• **What needs to be done**: If a record below holds a picture, leave the picture out and copy the rest exactly.

• **Supplied data**:
^^^^

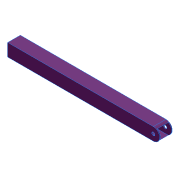
# Autodesk Inventor part: Shovel_Arm
Saved by Autodesk Inventor 2012 (Build 160160000, 160)
## iProperties
Created: 2013-01-29
Part Number: Shovel_Arm
Material: Aluminum-6061
Document SubType Name: Modeling
Designer: JesseK
Density: 2.71 g/cm^3
Mass: 122.398 g
Surface Area: 574.052 cm^2
Volume: 45.1652 cm^3
Author: JesseK
Autodesk Inventor part; units mm, degrees
ref_plane "YZ Plane" through (0, 0, 0) normal (1, 0, 0) x (0, 1, 0)
ref_plane "XZ Plane" through (0, 0, 0) normal (0, 1, 0) x (-1, 0, 0)
ref_plane "XY Plane" through (0, 0, 0) normal (0, 0, 1) x (1, 0, 0)
sketch "Sketch1" plane through (0, 0, 0) normal (0, 0, 1) x (1, 0, 0)
  line L0 (0, 0) -> (-304.8, 0)
  line L1 (-304.8, 0) -> (-304.8, 25.4)
  line L2 (-304.8, 25.4) -> (0, 25.4)
  line L3 (0, 25.4) -> (0, 0)
  dimension "d0" = 25.4
  dimension "d1" = 304.8
  constraints: 8 end point, 2 parallel, 1 horizontal, 1 perpendicular
  measures "d0" distance of L0.end L1.end
  measures "d1" distance of L1.end L2.end
extrude "Extrusion1" add sketch "Sketch1" along normal blind 25.4
shell "Shell1" thickness 1.5875 removed faces 2 at (0, 16.9333, 8.4667) at (-304.8, 8.4667, 8.4667)
sketch "Sketch2" plane through (0, 0, 25.4) normal (0, 0, 1) x (1, 0, 0)
  line L0 (0, 0) -> (-304.8, 0) projected
  line L1 (0, 25.4) -> (0, 0) projected
  circle A0 centre (-12.7, 12.7) radius 3.175
  dimension "d5" = 12.7
  dimension "d6" = 12.7
  dimension "d7" = 6.35
  constraints: 1 centre point
  measures "d5" distance from line of L0 A0.centre
  measures "d6" distance from line of L1 A0.centre
  measures "d7" diameter of A0
extrude "Extrusion2" cut sketch "Sketch2" against normal through all
fillet "Fillet1" radius 12.7 2 edges at (0, 25.4, 12.7) (0, 0, 12.7)
body "Solid1"

^^^^

• **Exercise answer**:
# Autodesk Inventor part: Shovel_Arm
Saved by Autodesk Inventor 2012 (Build 160160000, 160)
## iProperties
Created: 2013-01-29
Part Number: Shovel_Arm
Material: Aluminum-6061
Document SubType Name: Modeling
Designer: JesseK
Density: 2.71 g/cm^3
Mass: 122.398 g
Surface Area: 574.052 cm^2
Volume: 45.1652 cm^3
Author: JesseK
Autodesk Inventor part; units mm, degrees
ref_plane "YZ Plane" through (0, 0, 0) normal (1, 0, 0) x (0, 1, 0)
ref_plane "XZ Plane" through (0, 0, 0) normal (0, 1, 0) x (-1, 0, 0)
ref_plane "XY Plane" through (0, 0, 0) normal (0, 0, 1) x (1, 0, 0)
sketch "Sketch1" plane through (0, 0, 0) normal (0, 0, 1) x (1, 0, 0)
  line L0 (0, 0) -> (-304.8, 0)
  line L1 (-304.8, 0) -> (-304.8, 25.4)
  line L2 (-304.8, 25.4) -> (0, 25.4)
  line L3 (0, 25.4) -> (0, 0)
  dimension "d0" = 25.4
  dimension "d1" = 304.8
  constraints: 8 end point, 2 parallel, 1 horizontal, 1 perpendicular
  measures "d0" distance of L0.end L1.end
  measures "d1" distance of L1.end L2.end
extrude "Extrusion1" add sketch "Sketch1" along normal blind 25.4
shell "Shell1" thickness 1.5875 removed faces 2 at (0, 16.9333, 8.4667) at (-304.8, 8.4667, 8.4667)
sketch "Sketch2" plane through (0, 0, 25.4) normal (0, 0, 1) x (1, 0, 0)
  line L0 (0, 0) -> (-304.8, 0) projected
  line L1 (0, 25.4) -> (0, 0) projected
  circle A0 centre (-12.7, 12.7) radius 3.175
  dimension "d5" = 12.7
  dimension "d6" = 12.7
  dimension "d7" = 6.35
  constraints: 1 centre point
  measures "d5" distance from line of L0 A0.centre
  measures "d6" distance from line of L1 A0.centre
  measures "d7" diameter of A0
extrude "Extrusion2" cut sketch "Sketch2" against normal through all
fillet "Fillet1" radius 12.7 2 edges at (0, 25.4, 12.7) (0, 0, 12.7)
body "Solid1"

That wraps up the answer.